You don't have a ton of physical controls available. Embrace the ones you have. Learn to love those window buttons.


----------



## JasonF

Garlan Garner said:


> Strange they didn't put the venting option on the screen.


It's not strange at all. There doesn't appear to be a sensor that tells the car how far the windows are down, so it's based on a guess, and not an entirely reliable one. While that's usually good enough if you're using a smartphone app, when you're inside the car you would think something was broken.


----------



## Feathermerchant

So pull out your phone, open the app...


----------



## bwilson4web

I would prefer that when my windows are left open to vent, the car would close them when it starts to rain. Normally, I use the "vent" function on the iPhone App.

Bob Wilson


----------



## GDN

bwilson4web said:


> I would prefer that when my windows are left open to vent, the car would close them when it starts to rain. Normally, I use the "vent" function on the iPhone App.
> 
> Bob Wilson


The cool part about this - is it doesn't matter if they are just "Vented" or all the way down. If they are open and you hit that button it will close them !!


----------



## JasonF

bwilson4web said:


> I would prefer that when my windows are left open to vent, the car would close them when it starts to rain. Normally, I use the "vent" function on the iPhone App.
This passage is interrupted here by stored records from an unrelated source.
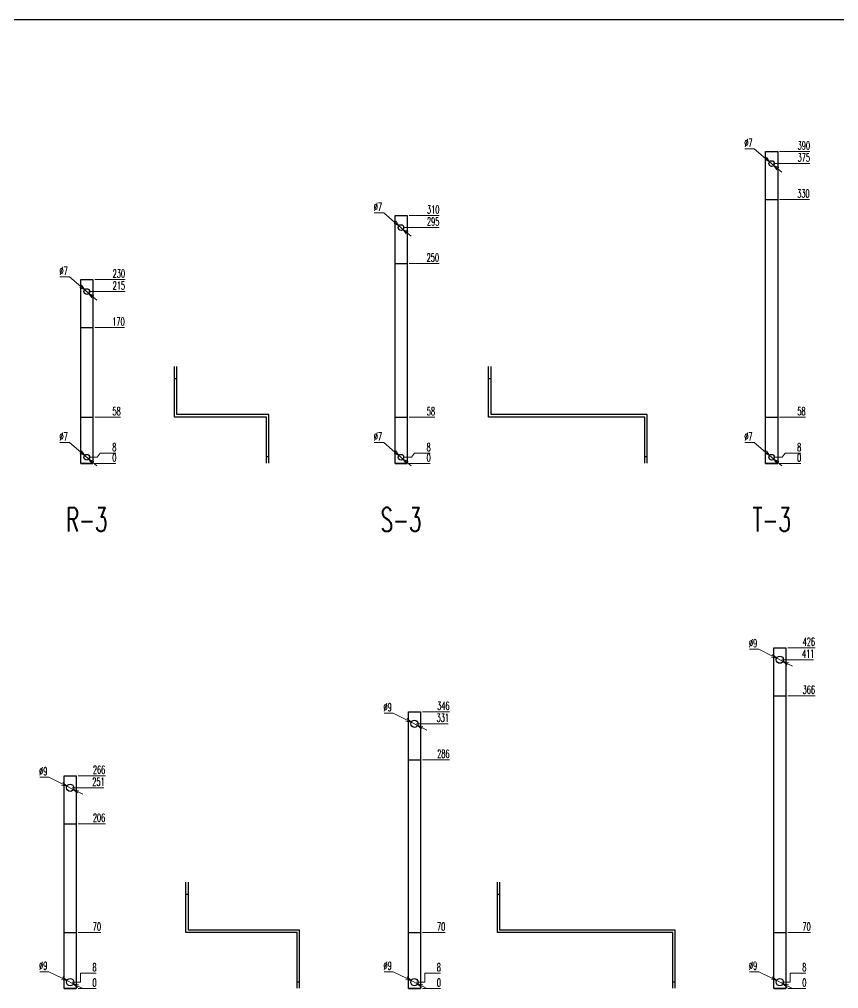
# Model space of a CAD drawing. Header units: millimetres. Extents: x 173893 to 258446, y -176540 to -123824.
# Drawn here: x 196715 to 197738, y -135155 to -133944 of the extents above; entities that cross this region are included whole.
import ezdxf
from ezdxf.enums import TextEntityAlignment as Align

# ---------------------------------------------------------------- set-up
doc = ezdxf.new("R2010")
doc.units = ezdxf.units.MM
doc.header["$LTSCALE"] = 3
doc.layers.add('@.DM. NÉT CHÍNH', color=7, linetype='Continuous')
doc.layers.add('@.VISIBLE', color=7, linetype='Continuous')
doc.styles.add('Ann_w01', font='romans.shx', dxfattribs={"width": 0.6, "bigfont": 'chineset.shx'})
doc.dimstyles.new('Dim 01_SC05', dxfattribs={"dimscale": 5, "dimtxt": 2, "dimasz": 1.3, "dimexe": 0.5, "dimexo": 0.5, "dimgap": 0.5, "dimtad": 1, "dimtoh": 1, "dimdec": 1, "dimzin": 12, "dimdsep": 46, "dimtxsty": 'Ann_w01', "dimblk": 'OPEN30', "dimcen": 1.5, "dimclrd": 6, "dimclre": 6, "dimclrt": 3, "dimadec": 1, "dimazin": 3, "dimtm": 1e-09, "dimtfac": 1, "dimtdec": 1, "dimtmove": 0, "dimatfit": 3, "dimldrblk": 'OPEN30', "dimfxl": 1, "dimtolj": 1, "dimlwd": 20, "dimlwe": 20, "dimarcsym": 0})

# ---------------------------------------------------------------- blocks, each defined once
blk = doc.blocks.new('*D2297')
at = {"layer": '@.VISIBLE', "color": 6, "lineweight": 20, "transparency": 16777216}
blk.add_line((196809.2, -134498.9), (196835.6, -134498.9), dxfattribs=at)
at = {"layer": 'Defpoints', "color": 0, "transparency": 16777216}
for p in [(196799.2, -134498.9), (196806.7, -134498.9), (196829.1, -134498.9)]:
    blk.add_point(p, dxfattribs=at)
at = {"layer": '@.VISIBLE', "color": 3, "transparency": 16777216, "insert": (196833.6, -134491.4), "char_height": 10, "attachment_point": 5, "style": 'Ann_w01'}
blk.add_mtext('\\A1;0', dxfattribs=at)
blk = doc.blocks.new('_Open30')
at = {"color": 0, "linetype": 'ByBlock', "lineweight": -2}
for p, q in [((-1, 0.27), (0, 0)), ((0, 0), (-1, -0.27)), ((0, 0), (-1, 0))]:
    blk.add_line(p, q, dxfattribs=at)
blk = doc.blocks.new('*D2298')
at = {"layer": '@.VISIBLE', "color": 6, "lineweight": 20, "transparency": 16777216}
for p, q in [((196812.2, -134490.9), (196816.1, -134485.9)), ((196816.1, -134485.9), (196835.6, -134485.9)), ((196801.7, -134490.9), (196812.2, -134490.9))]:
    blk.add_line(p, q, dxfattribs=at)
at = {"layer": 'Defpoints', "color": 0, "transparency": 16777216}
for p in [(196829.1, -134485.9), (196799.2, -134490.9), (196799.2, -134498.9)]:
    blk.add_point(p, dxfattribs=at)
at = {"layer": '@.VISIBLE', "color": 3, "transparency": 16777216, "insert": (196833.6, -134478.4), "char_height": 10, "attachment_point": 5, "style": 'Ann_w01'}
blk.add_mtext('\\A1;8', dxfattribs=at)
blk = doc.blocks.new('*D2299')
at = {"layer": '@.VISIBLE', "color": 6, "lineweight": 20, "transparency": 16777216}
blk.add_line((196809.2, -134440.9), (196841.3, -134440.9), dxfattribs=at)
at = {"layer": 'Defpoints', "color": 0, "transparency": 16777216}
for p in [(196806.7, -134440.9), (196829.1, -134440.9), (196799.2, -134498.9)]:
    blk.add_point(p, dxfattribs=at)
at = {"layer": '@.VISIBLE', "color": 3, "transparency": 16777216, "insert": (196836.5, -134433.4), "char_height": 10, "attachment_point": 5, "style": 'Ann_w01'}
blk.add_mtext('\\A1;58', dxfattribs=at)
blk = doc.blocks.new('*D2300')
at = {"layer": '@.DM. NÉT CHÍNH', "color": 6, "linetype": 'Continuous', "lineweight": 20, "transparency": 16777216}
blk.add_line((196809.2, -134328.9), (196846.2, -134328.9), dxfattribs=at)
at = {"layer": 'Defpoints', "color": 0, "linetype": 'Continuous', "transparency": 16777216}
for p in [(196806.7, -134328.9), (196829.1, -134328.9), (196799.2, -134498.9)]:
    blk.add_point(p, dxfattribs=at)
at = {"layer": '@.DM. NÉT CHÍNH', "color": 3, "linetype": 'Continuous', "transparency": 16777216, "insert": (196838.9, -134321.4), "char_height": 10, "attachment_point": 5, "style": 'Ann_w01'}
blk.add_mtext('\\A1;170', dxfattribs=at)
blk = doc.blocks.new('*D2301')
at = {"layer": '@.DM. NÉT CHÍNH', "color": 6, "linetype": 'Continuous', "lineweight": 20, "transparency": 16777216}
blk.add_line((196801.7, -134283.9), (196847.1, -134283.9), dxfattribs=at)
at = {"layer": 'Defpoints', "color": 0, "linetype": 'Continuous', "transparency": 16777216}
for p in [(196799.2, -134283.9), (196829.1, -134283.9), (196799.2, -134498.9)]:
    blk.add_point(p, dxfattribs=at)
at = {"layer": '@.DM. NÉT CHÍNH', "color": 3, "linetype": 'Continuous', "transparency": 16777216, "insert": (196839.3, -134276.4), "char_height": 10, "attachment_point": 5, "style": 'Ann_w01'}
blk.add_mtext('\\A1;215', dxfattribs=at)
blk = doc.blocks.new('*D2302')
at = {"layer": '@.DM. NÉT CHÍNH', "color": 6, "linetype": 'Continuous', "lineweight": 20, "transparency": 16777216}
blk.add_line((196809.2, -134268.9), (196847.1, -134268.9), dxfattribs=at)
at = {"layer": 'Defpoints', "color": 0, "linetype": 'Continuous', "transparency": 16777216}
for p in [(196806.7, -134268.9), (196829.1, -134268.9), (196799.2, -134498.9)]:
    blk.add_point(p, dxfattribs=at)
at = {"layer": '@.DM. NÉT CHÍNH', "color": 3, "linetype": 'Continuous', "transparency": 16777216, "insert": (196839.3, -134261.4), "char_height": 10, "attachment_point": 5, "style": 'Ann_w01'}
blk.add_mtext('\\A1;230', dxfattribs=at)
blk = doc.blocks.new('*D2303')
at = {"layer": '@.DM. NÉT CHÍNH', "color": 6, "linetype": 'Continuous', "lineweight": 20, "transparency": 16777216}
for p, q in [((196765.5, -134265.5), (196777.5, -134265.5)), ((196777.5, -134265.5), (196791.6, -134277.4)), ((196801.9, -134286.2), (196796.6, -134281.6)), ((196806.9, -134290.4), (196811.8, -134294.6))]:
    blk.add_line(p, q, dxfattribs=at)
at = {"layer": 'Defpoints', "color": 0, "linetype": 'Continuous', "transparency": 16777216}
for p in [(196796.6, -134281.6), (196801.9, -134286.2)]:
    blk.add_point(p, dxfattribs=at)
at = {"layer": '@.DM. NÉT CHÍNH', "color": 6, "linetype": 'Continuous', "lineweight": 20, "transparency": 16777216, "xscale": 6.5, "yscale": 6.5, "zscale": 6.5}
for p, rotation in [((196796.6, -134281.6), 319.7385223554776), ((196801.9, -134286.2), 139.7385223554776)]:
    blk.add_blockref('_Open30', p, dxfattribs=dict(at, rotation=rotation))
at = {"layer": '@.DM. NÉT CHÍNH', "color": 3, "linetype": 'Continuous', "transparency": 16777216, "insert": (196770.3, -134258), "char_height": 10, "attachment_point": 5, "style": 'Ann_w01'}
blk.add_mtext('\\A1;∅7', dxfattribs=at)
blk = doc.blocks.new('*D2304')
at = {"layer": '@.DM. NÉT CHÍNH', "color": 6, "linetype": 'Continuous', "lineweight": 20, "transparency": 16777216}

You mean the same rain sensing that never turns on the wipers when it rains?


----------



## skygraff

Feathermerchant said:


> So pull out your phone, open the app...


Not unless you're in park.

I've been suggesting a change to let the app work while in drive and/or adding a UI option on the screen (maybe touch the top/window of the little car).

Without a sunroof that opens to vent, getting just a little fresh air while driving highway speeds or raising the windows to a vent position (uniformly) when it starts to drizzle is a real process. One touch would be the safest way.

By the way, ever checked your energy usage when you turn off the HVAC fan and crack the windows a little? I've seen dramatic reductions.


----------



## Garlan Garner

JasonF said:


> It's not strange at all. There doesn't appear to be a sensor that tells the car how far the windows are down, so it's based on a guess, and not an entirely reliable one. While that's usually good enough if you're using a smartphone app, when you're inside the car you would think something was broken.


The vent function on the app isn't a guess. It works perfectly.

Why would the same button on the screen be a guess?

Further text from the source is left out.